Again, policy provided an answer in the form of automatic enrolment.
In both cases solutions were found and that should give us confidence for our own challenges today.
But in both cases we took too long to find them.
Innovation in face of a chronic problem, rather than a crisis is not easy….
…for policy makers, or anyone else working in this area
What is today’s problem?
The consensus is just to say adequacy, due to insufficient savings.
I agree, the levels of contribution is an issue but I’d put the problem slightly differently.
Today’s problem is how do we deliver higher returns for savers, so they can have a decent standard of living in retirement without asking any more than is necessary of their standard of living in the here and now.

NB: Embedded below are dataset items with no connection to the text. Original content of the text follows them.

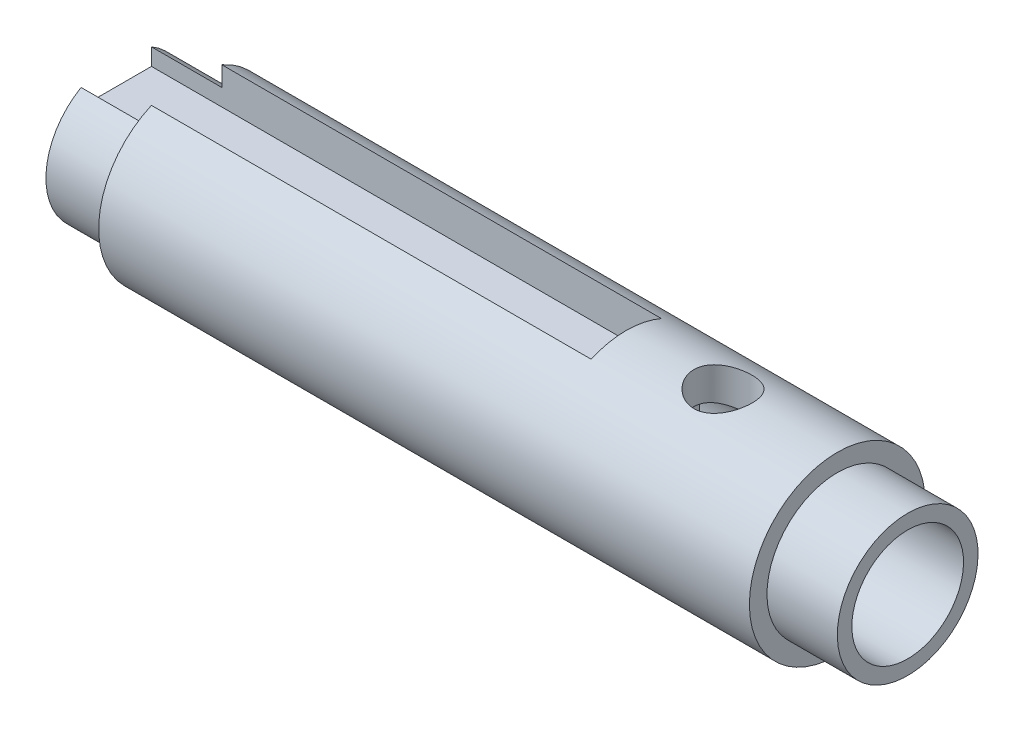
ISO-10303-21;
HEADER;
FILE_DESCRIPTION(('STEP AP214'),'2;1');
FILE_NAME('part.step','',(''),(''),'','','');
FILE_SCHEMA(('AUTOMOTIVE_DESIGN { 1 0 10303 214 1 1 1 1 }'));
ENDSEC;
DATA;
#1=APPLICATION_CONTEXT('core data for automotive mechanical design processes');
#2=APPLICATION_PROTOCOL_DEFINITION('international standard','automotive_design',2000,#1);
#3=PRODUCT_CONTEXT('',#1,'mechanical');
#4=PRODUCT('Part','Part','',(#3));
#5=PRODUCT_RELATED_PRODUCT_CATEGORY('part','',(#4));
#6=PRODUCT_DEFINITION_FORMATION('','',#4);
#7=PRODUCT_DEFINITION_CONTEXT('part definition',#1,'design');
#8=PRODUCT_DEFINITION('design','',#6,#7);
#9=PRODUCT_DEFINITION_SHAPE('','',#8);
#10=(LENGTH_UNIT() NAMED_UNIT(*) SI_UNIT(.MILLI.,.METRE.));
#11=(NAMED_UNIT(*) PLANE_ANGLE_UNIT() SI_UNIT($,.RADIAN.));
#12=(NAMED_UNIT(*) SI_UNIT($,.STERADIAN.) SOLID_ANGLE_UNIT());
#13=UNCERTAINTY_MEASURE_WITH_UNIT(LENGTH_MEASURE(1.E-05),#10,'distance_accuracy_value','');
#14=(GEOMETRIC_REPRESENTATION_CONTEXT(3) GLOBAL_UNCERTAINTY_ASSIGNED_CONTEXT((#13)) GLOBAL_UNIT_ASSIGNED_CONTEXT((#10,
#11,#12)) REPRESENTATION_CONTEXT('',''));
#15=CARTESIAN_POINT('',(0.,0.,0.));
#16=DIRECTION('',(0.,0.,1.));
#17=DIRECTION('',(1.,0.,0.));
#18=AXIS2_PLACEMENT_3D('',#15,#16,#17);
#19=CARTESIAN_POINT('',(22.5,0.,0.));
#20=DIRECTION('',(1.,0.,0.));
#21=DIRECTION('',(0.,1.,0.));
#22=AXIS2_PLACEMENT_3D('',#19,#20,#21);
#23=CYLINDRICAL_SURFACE('',#22,4.);
#24=CARTESIAN_POINT('',(18.5,0.,0.));
#25=DIRECTION('',(1.,0.,0.));
#26=DIRECTION('',(0.,1.,0.));
#27=AXIS2_PLACEMENT_3D('',#24,#25,#26);
#28=CIRCLE('',#27,4.);
#29=CARTESIAN_POINT('',(18.5,4.00000000000001,0.));
#30=VERTEX_POINT('',#29);
#31=EDGE_CURVE('E152',#30,#30,#28,.T.);
#32=ORIENTED_EDGE('',*,*,#31,.T.);
#33=EDGE_LOOP('',(#32));
#34=FACE_BOUND('',#33,.T.);
#35=CARTESIAN_POINT('',(22.5,0.,0.));
#36=DIRECTION('',(1.,0.,0.));
#37=DIRECTION('',(0.,1.,0.));
#38=AXIS2_PLACEMENT_3D('',#35,#36,#37);
#39=CIRCLE('',#38,4.);
#40=CARTESIAN_POINT('',(22.5,4.00000000000001,0.));
#41=VERTEX_POINT('',#40);
#42=EDGE_CURVE('E117',#41,#41,#39,.T.);
#43=ORIENTED_EDGE('',*,*,#42,.F.);
#44=EDGE_LOOP('',(#43));
#45=FACE_BOUND('',#44,.T.);
#46=ADVANCED_FACE('F41',(#34,#45),#23,.T.);
#47=CARTESIAN_POINT('',(22.5,0.,0.));
#48=DIRECTION('',(1.,0.,0.));
#49=DIRECTION('',(0.,1.,0.));
#50=AXIS2_PLACEMENT_3D('',#47,#48,#49);
#51=PLANE('',#50);
#52=CARTESIAN_POINT('',(22.5,0.,0.));
#53=DIRECTION('',(1.,0.,0.));
#54=DIRECTION('',(0.,1.,0.));
#55=AXIS2_PLACEMENT_3D('',#52,#53,#54);
#56=CIRCLE('',#55,3.175);
#57=CARTESIAN_POINT('',(22.5,3.17500000000001,0.));
#58=VERTEX_POINT('',#57);
#59=EDGE_CURVE('E159',#58,#58,#56,.T.);
#60=ORIENTED_EDGE('',*,*,#59,.F.);
#61=EDGE_LOOP('',(#60));
#62=FACE_BOUND('',#61,.T.);
#63=ORIENTED_EDGE('',*,*,#42,.T.);
#64=EDGE_LOOP('',(#63));
#65=FACE_BOUND('',#64,.T.);
#66=ADVANCED_FACE('F141',(#62,#65),#51,.T.);
#67=CARTESIAN_POINT('',(-22.5,0.,0.));
#68=DIRECTION('',(-1.,0.,0.));
#69=DIRECTION('',(0.,-1.,0.));
#70=AXIS2_PLACEMENT_3D('',#67,#68,#69);
#71=PLANE('',#70);
#72=DIRECTION('',(0.,1.,0.));
#73=VECTOR('',#72,1.);
#74=CARTESIAN_POINT('',(-22.5,0.,2.));
#75=LINE('',#74,#73);
#76=CARTESIAN_POINT('',(-22.5,2.49999999999999,2.));
#77=VERTEX_POINT('',#76);
#78=CARTESIAN_POINT('',(-22.5,3.46410161513775,2.));
#79=VERTEX_POINT('',#78);
#80=EDGE_CURVE('E62',#77,#79,#75,.T.);
#81=ORIENTED_EDGE('',*,*,#80,.F.);
#82=DIRECTION('',(0.,0.,1.));
#83=VECTOR('',#82,1.);
#84=CARTESIAN_POINT('',(-22.5,2.49999999999999,0.));
#85=LINE('',#84,#83);
#86=CARTESIAN_POINT('',(-22.5,2.49999999999999,-2.));
#87=VERTEX_POINT('',#86);
#88=EDGE_CURVE('E12',#87,#77,#85,.T.);
#89=ORIENTED_EDGE('',*,*,#88,.F.);
#90=DIRECTION('',(0.,1.,0.));
#91=VECTOR('',#90,1.);
#92=CARTESIAN_POINT('',(-22.5,0.,-2.));
#93=LINE('',#92,#91);
#94=CARTESIAN_POINT('',(-22.5,3.46410161513775,-2.));
#95=VERTEX_POINT('',#94);
#96=EDGE_CURVE('E234',#87,#95,#93,.T.);
#97=ORIENTED_EDGE('',*,*,#96,.T.);
#98=CARTESIAN_POINT('',(-22.5,0.,0.));
#99=DIRECTION('',(1.,0.,0.));
#100=DIRECTION('',(0.,1.,0.));
#101=AXIS2_PLACEMENT_3D('',#98,#99,#100);
#102=CIRCLE('',#101,4.);
#103=EDGE_CURVE('E132',#79,#95,#102,.T.);
#104=ORIENTED_EDGE('',*,*,#103,.F.);
#105=EDGE_LOOP('',(#81,#89,#97,#104));
#106=FACE_BOUND('',#105,.T.);
#107=ADVANCED_FACE('F148',(#106),#71,.T.);
#108=CARTESIAN_POINT('',(22.5,0.,0.));
#109=DIRECTION('',(1.,0.,0.));
#110=DIRECTION('',(0.,1.,0.));
#111=AXIS2_PLACEMENT_3D('',#108,#109,#110);
#112=CYLINDRICAL_SURFACE('',#111,4.);
#113=DIRECTION('',(1.,0.,0.));
#114=VECTOR('',#113,1.);
#115=CARTESIAN_POINT('',(22.5,3.46410161513776,2.));
#116=LINE('',#115,#114);
#117=CARTESIAN_POINT('',(-18.5,3.46410161513775,2.));
#118=VERTEX_POINT('',#117);
#119=EDGE_CURVE('E170',#79,#118,#116,.T.);
#120=ORIENTED_EDGE('',*,*,#119,.F.);
#121=ORIENTED_EDGE('',*,*,#103,.T.);
#122=DIRECTION('',(1.,0.,0.));
#123=VECTOR('',#122,1.);
#124=CARTESIAN_POINT('',(22.5,3.46410161513776,-2.));
#125=LINE('',#124,#123);
#126=CARTESIAN_POINT('',(-18.5,3.46410161513775,-2.));
#127=VERTEX_POINT('',#126);
#128=EDGE_CURVE('E237',#95,#127,#125,.T.);
#129=ORIENTED_EDGE('',*,*,#128,.T.);
#130=CARTESIAN_POINT('',(-18.5,0.,0.));
#131=DIRECTION('',(1.,0.,0.));
#132=DIRECTION('',(0.,1.,0.));
#133=AXIS2_PLACEMENT_3D('',#130,#131,#132);
#134=CIRCLE('',#133,4.);
#135=EDGE_CURVE('E136',#118,#127,#134,.T.);
#136=ORIENTED_EDGE('',*,*,#135,.F.);
#137=EDGE_LOOP('',(#120,#121,#129,#136));
#138=FACE_BOUND('',#137,.T.);
#139=ADVANCED_FACE('F222',(#138),#112,.T.);
#140=CARTESIAN_POINT('',(-18.5,3.99999999999999,0.));
#141=DIRECTION('',(-1.,0.,0.));
#142=DIRECTION('',(0.,-1.,0.));
#143=AXIS2_PLACEMENT_3D('',#140,#141,#142);
#144=PLANE('',#143);
#145=DIRECTION('',(0.,1.,0.));
#146=VECTOR('',#145,1.);
#147=CARTESIAN_POINT('',(-18.5,3.99999999999999,2.));
#148=LINE('',#147,#146);
#149=CARTESIAN_POINT('',(-18.5,4.58257569495583,2.));
#150=VERTEX_POINT('',#149);
#151=EDGE_CURVE('E174',#118,#150,#148,.T.);
#152=ORIENTED_EDGE('',*,*,#151,.F.);
#153=ORIENTED_EDGE('',*,*,#135,.T.);
#154=DIRECTION('',(0.,1.,0.));
#155=VECTOR('',#154,1.);
#156=CARTESIAN_POINT('',(-18.5,3.99999999999999,-2.));
#157=LINE('',#156,#155);
#158=CARTESIAN_POINT('',(-18.5,4.58257569495583,-2.));
#159=VERTEX_POINT('',#158);
#160=EDGE_CURVE('E240',#127,#159,#157,.T.);
#161=ORIENTED_EDGE('',*,*,#160,.T.);
#162=CARTESIAN_POINT('',(-18.5,0.,0.));
#163=DIRECTION('',(1.,0.,0.));
#164=DIRECTION('',(0.,1.,0.));
#165=AXIS2_PLACEMENT_3D('',#162,#163,#164);
#166=CIRCLE('',#165,5.);
#167=EDGE_CURVE('E113',#150,#159,#166,.T.);
#168=ORIENTED_EDGE('',*,*,#167,.F.);
#169=EDGE_LOOP('',(#152,#153,#161,#168));
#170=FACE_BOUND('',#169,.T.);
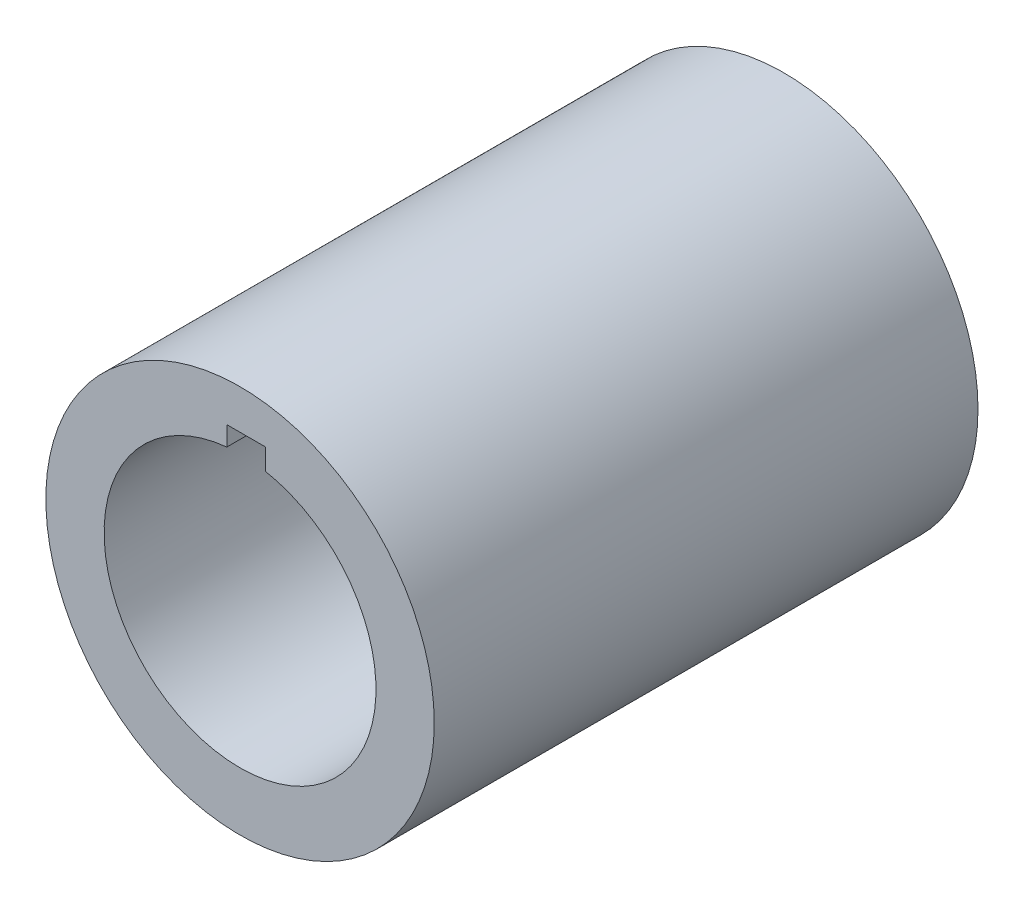
ISO-10303-21;
HEADER;
FILE_DESCRIPTION(('STEP AP214'),'2;1');
FILE_NAME('part.step','',(''),(''),'','','');
FILE_SCHEMA(('AUTOMOTIVE_DESIGN { 1 0 10303 214 1 1 1 1 }'));
ENDSEC;
DATA;
#1=APPLICATION_CONTEXT('core data for automotive mechanical design processes');
#2=APPLICATION_PROTOCOL_DEFINITION('international standard','automotive_design',2000,#1);
#3=PRODUCT_CONTEXT('',#1,'mechanical');
#4=PRODUCT('Part','Part','',(#3));
#5=PRODUCT_RELATED_PRODUCT_CATEGORY('part','',(#4));
#6=PRODUCT_DEFINITION_FORMATION('','',#4);
#7=PRODUCT_DEFINITION_CONTEXT('part definition',#1,'design');
#8=PRODUCT_DEFINITION('design','',#6,#7);
#9=PRODUCT_DEFINITION_SHAPE('','',#8);
#10=(LENGTH_UNIT() NAMED_UNIT(*) SI_UNIT(.MILLI.,.METRE.));
#11=(NAMED_UNIT(*) PLANE_ANGLE_UNIT() SI_UNIT($,.RADIAN.));
#12=(NAMED_UNIT(*) SI_UNIT($,.STERADIAN.) SOLID_ANGLE_UNIT());
#13=UNCERTAINTY_MEASURE_WITH_UNIT(LENGTH_MEASURE(1.E-05),#10,'distance_accuracy_value','');
#14=(GEOMETRIC_REPRESENTATION_CONTEXT(3) GLOBAL_UNCERTAINTY_ASSIGNED_CONTEXT((#13)) GLOBAL_UNIT_ASSIGNED_CONTEXT((#10,
#11,#12)) REPRESENTATION_CONTEXT('',''));
#15=CARTESIAN_POINT('',(0.,0.,0.));
#16=DIRECTION('',(0.,0.,1.));
#17=DIRECTION('',(1.,0.,0.));
#18=AXIS2_PLACEMENT_3D('',#15,#16,#17);
#19=CARTESIAN_POINT('',(0.,0.,14.));
#20=DIRECTION('',(0.,0.,1.));
#21=DIRECTION('',(1.,0.,0.));
#22=AXIS2_PLACEMENT_3D('',#19,#20,#21);
#23=PLANE('',#22);
#24=CARTESIAN_POINT('',(0.,0.,14.));
#25=DIRECTION('',(0.,0.,1.));
#26=DIRECTION('',(1.,0.,0.));
#27=AXIS2_PLACEMENT_3D('',#24,#25,#26);
#28=CIRCLE('',#27,5.);
#29=CARTESIAN_POINT('',(5.,0.,14.));
#30=VERTEX_POINT('',#29);
#31=EDGE_CURVE('E11',#30,#30,#28,.T.);
#32=ORIENTED_EDGE('',*,*,#31,.T.);
#33=EDGE_LOOP('',(#32));
#34=FACE_BOUND('',#33,.T.);
#35=DIRECTION('',(0.,1.,0.));
#36=VECTOR('',#35,1.);
#37=CARTESIAN_POINT('',(0.659161969488209,3.98336467183051,14.));
#38=LINE('',#37,#36);
#39=CARTESIAN_POINT('',(0.659161969488209,3.43736897902748,14.));
#40=VERTEX_POINT('',#39);
#41=CARTESIAN_POINT('',(0.659161969488209,3.98336467183051,14.));
#42=VERTEX_POINT('',#41);
#43=EDGE_CURVE('E90',#40,#42,#38,.T.);
#44=ORIENTED_EDGE('',*,*,#43,.F.);
#45=CARTESIAN_POINT('',(0.,0.,14.));
#46=DIRECTION('',(0.,0.,1.));
#47=DIRECTION('',(1.,0.,0.));
#48=AXIS2_PLACEMENT_3D('',#45,#46,#47);
#49=CIRCLE('',#48,3.5);
#50=CARTESIAN_POINT('',(-0.340838030511792,3.48336467183051,14.));
#51=VERTEX_POINT('',#50);
#52=EDGE_CURVE('E81',#51,#40,#49,.T.);
#53=ORIENTED_EDGE('',*,*,#52,.F.);
#54=DIRECTION('',(0.,-1.,0.));
#55=VECTOR('',#54,1.);
#56=CARTESIAN_POINT('',(-0.340838030511792,3.48336467183051,14.));
#57=LINE('',#56,#55);
#58=CARTESIAN_POINT('',(-0.340838030511792,3.98336467183051,14.));
#59=VERTEX_POINT('',#58);
#60=EDGE_CURVE('E106',#59,#51,#57,.T.);
#61=ORIENTED_EDGE('',*,*,#60,.F.);
#62=DIRECTION('',(-1.,0.,0.));
#63=VECTOR('',#62,1.);
#64=CARTESIAN_POINT('',(-0.340838030511792,3.98336467183051,14.));
#65=LINE('',#64,#63);
#66=EDGE_CURVE('E102',#42,#59,#65,.T.);
#67=ORIENTED_EDGE('',*,*,#66,.F.);
#68=EDGE_LOOP('',(#44,#53,#61,#67));
#69=FACE_BOUND('',#68,.T.);
#70=ADVANCED_FACE('F39',(#34,#69),#23,.T.);
#71=CARTESIAN_POINT('',(0.,0.,0.));
#72=DIRECTION('',(0.,0.,1.));
#73=DIRECTION('',(1.,0.,0.));
#74=AXIS2_PLACEMENT_3D('',#71,#72,#73);
#75=PLANE('',#74);
#76=CARTESIAN_POINT('',(0.,0.,0.));
#77=DIRECTION('',(0.,0.,1.));
#78=DIRECTION('',(1.,0.,0.));
#79=AXIS2_PLACEMENT_3D('',#76,#77,#78);
#80=CIRCLE('',#79,5.);
#81=CARTESIAN_POINT('',(5.,0.,0.));
#82=VERTEX_POINT('',#81);
#83=EDGE_CURVE('E43',#82,#82,#80,.T.);
#84=ORIENTED_EDGE('',*,*,#83,.F.);
#85=EDGE_LOOP('',(#84));
#86=FACE_BOUND('',#85,.T.);
#87=CARTESIAN_POINT('',(0.,0.,0.));
#88=DIRECTION('',(0.,0.,1.));
#89=DIRECTION('',(1.,0.,0.));
#90=AXIS2_PLACEMENT_3D('',#87,#88,#89);
#91=CIRCLE('',#90,3.5);
#92=CARTESIAN_POINT('',(-0.340838030511792,3.48336467183051,0.));
#93=VERTEX_POINT('',#92);
#94=CARTESIAN_POINT('',(0.659161969488209,3.43736897902748,0.));
#95=VERTEX_POINT('',#94);
#96=EDGE_CURVE('E63',#93,#95,#91,.T.);
#97=ORIENTED_EDGE('',*,*,#96,.T.);
#98=DIRECTION('',(0.,1.,0.));
#99=VECTOR('',#98,1.);
#100=CARTESIAN_POINT('',(0.659161969488209,3.98336467183051,0.));
#101=LINE('',#100,#99);
#102=CARTESIAN_POINT('',(0.659161969488209,3.98336467183051,0.));
#103=VERTEX_POINT('',#102);
#104=EDGE_CURVE('E97',#95,#103,#101,.T.);
#105=ORIENTED_EDGE('',*,*,#104,.T.);
#106=DIRECTION('',(-1.,0.,0.));
#107=VECTOR('',#106,1.);
#108=CARTESIAN_POINT('',(-0.340838030511792,3.98336467183051,0.));
#109=LINE('',#108,#107);
#110=CARTESIAN_POINT('',(-0.340838030511792,3.98336467183051,0.));
#111=VERTEX_POINT('',#110);
#112=EDGE_CURVE('E115',#103,#111,#109,.T.);
#113=ORIENTED_EDGE('',*,*,#112,.T.);
#114=DIRECTION('',(0.,-1.,0.));
#115=VECTOR('',#114,1.);
#116=CARTESIAN_POINT('',(-0.340838030511792,3.48336467183051,0.));
#117=LINE('',#116,#115);
#118=EDGE_CURVE('E91',#111,#93,#117,.T.);
#119=ORIENTED_EDGE('',*,*,#118,.T.);
#120=EDGE_LOOP('',(#97,#105,#113,#119));
#121=FACE_BOUND('',#120,.T.);
#122=ADVANCED_FACE('F131',(#86,#121),#75,.F.);
#123=CARTESIAN_POINT('',(0.,0.,14.));
#124=DIRECTION('',(0.,0.,-1.));
#125=DIRECTION('',(-1.,0.,0.));
#126=AXIS2_PLACEMENT_3D('',#123,#124,#125);
#127=CYLINDRICAL_SURFACE('',#126,5.);
#128=ORIENTED_EDGE('',*,*,#31,.F.);
#129=EDGE_LOOP('',(#128));
#130=FACE_BOUND('',#129,.T.);
#131=ORIENTED_EDGE('',*,*,#83,.T.);
#132=EDGE_LOOP('',(#131));
#133=FACE_BOUND('',#132,.T.);
#134=ADVANCED_FACE('F41',(#130,#133),#127,.T.);
#135=CARTESIAN_POINT('',(0.,0.,14.));
#136=DIRECTION('',(0.,0.,-1.));
#137=DIRECTION('',(-1.,0.,0.));
#138=AXIS2_PLACEMENT_3D('',#135,#136,#137);
#139=CYLINDRICAL_SURFACE('',#138,3.5);
#140=ORIENTED_EDGE('',*,*,#96,.F.);
#141=DIRECTION('',(0.,0.,-1.));
#142=VECTOR('',#141,1.);
#143=CARTESIAN_POINT('',(-0.340838030511792,3.48336467183051,14.));
#144=LINE('',#143,#142);
#145=EDGE_CURVE('E85',#51,#93,#144,.T.);
#146=ORIENTED_EDGE('',*,*,#145,.F.);
#147=ORIENTED_EDGE('',*,*,#52,.T.);
#148=DIRECTION('',(0.,0.,-1.));
#149=VECTOR('',#148,1.);
#150=CARTESIAN_POINT('',(0.659161969488209,3.43736897902748,14.));
#151=LINE('',#150,#149);
#152=EDGE_CURVE('E84',#40,#95,#151,.T.);
#153=ORIENTED_EDGE('',*,*,#152,.T.);
#154=EDGE_LOOP('',(#140,#146,#147,#153));
#155=FACE_BOUND('',#154,.T.);
#156=ADVANCED_FACE('F83',(#155),#139,.F.);
#157=CARTESIAN_POINT('',(0.659161969488209,3.98336467183051,14.));
#158=DIRECTION('',(-1.,0.,0.));
#159=DIRECTION('',(0.,0.,1.));
#160=AXIS2_PLACEMENT_3D('',#157,#158,#159);
#161=PLANE('',#160);
#162=ORIENTED_EDGE('',*,*,#104,.F.);
#163=ORIENTED_EDGE('',*,*,#152,.F.);
#164=ORIENTED_EDGE('',*,*,#43,.T.);
#165=DIRECTION('',(0.,0.,-1.));
#166=VECTOR('',#165,1.);
#167=CARTESIAN_POINT('',(0.659161969488209,3.98336467183051,14.));
#168=LINE('',#167,#166);
#169=EDGE_CURVE('E99',#42,#103,#168,.T.);
#170=ORIENTED_EDGE('',*,*,#169,.T.);
#171=EDGE_LOOP('',(#162,#163,#164,#170));
#172=FACE_BOUND('',#171,.T.);
#173=ADVANCED_FACE('F94',(#172),#161,.T.);
#174=CARTESIAN_POINT('',(-0.340838030511792,3.98336467183051,14.));
#175=DIRECTION('',(0.,-1.,0.));
#176=DIRECTION('',(0.,0.,-1.));
#177=AXIS2_PLACEMENT_3D('',#174,#175,#176);
#178=PLANE('',#177);
#179=ORIENTED_EDGE('',*,*,#112,.F.);
#180=ORIENTED_EDGE('',*,*,#169,.F.);
#181=ORIENTED_EDGE('',*,*,#66,.T.);
#182=DIRECTION('',(0.,0.,-1.));
#183=VECTOR('',#182,1.);
#184=CARTESIAN_POINT('',(-0.340838030511792,3.98336467183051,14.));
#185=LINE('',#184,#183);
#186=EDGE_CURVE('E55',#59,#111,#185,.T.);
#187=ORIENTED_EDGE('',*,*,#186,.T.);
#188=EDGE_LOOP('',(#179,#180,#181,#187));
#189=FACE_BOUND('',#188,.T.);
#190=ADVANCED_FACE('F129',(#189),#178,.T.);
#191=CARTESIAN_POINT('',(-0.340838030511792,3.48336467183051,14.));
#192=DIRECTION('',(1.,0.,0.));
#193=DIRECTION('',(0.,0.,-1.));
#194=AXIS2_PLACEMENT_3D('',#191,#192,#193);
#195=PLANE('',#194);
#196=ORIENTED_EDGE('',*,*,#118,.F.);
#197=ORIENTED_EDGE('',*,*,#186,.F.);
#198=ORIENTED_EDGE('',*,*,#60,.T.);
#199=ORIENTED_EDGE('',*,*,#145,.T.);
#200=EDGE_LOOP('',(#196,#197,#198,#199));
#201=FACE_BOUND('',#200,.T.);
#202=ADVANCED_FACE('F132',(#201),#195,.T.);
#203=CLOSED_SHELL('',(#70,#122,#134,#156,#173,#190,#202));
#204=MANIFOLD_SOLID_BREP('B2',#203);
#205=ADVANCED_BREP_SHAPE_REPRESENTATION('',(#18,#204),#14);
#206=SHAPE_DEFINITION_REPRESENTATION(#9,#205);
ENDSEC;
END-ISO-10303-21;

Or asking them to become a pensions expert – which is your job.
Getting absolutely the best value for savers is the priority to any wider debate on savings levels.
That’s why phase 1 of the pensions review on the landscape, and the pensions Bill that will help reduce costs in the system and put decumulation on a firmer footing, must come before phase 2 on adequacy.
The damage done by poor returns – including during decumulation – maybe feels less binary and catastrophic than the risk of Maxwell style broken promises…
…but it’s a mistake to underestimate its impact on savers, which can in some cases be just as great.
So that is today’s exam question.
We are making good progress.
And I look forward to answering it…
…with all of you over the months and years to come.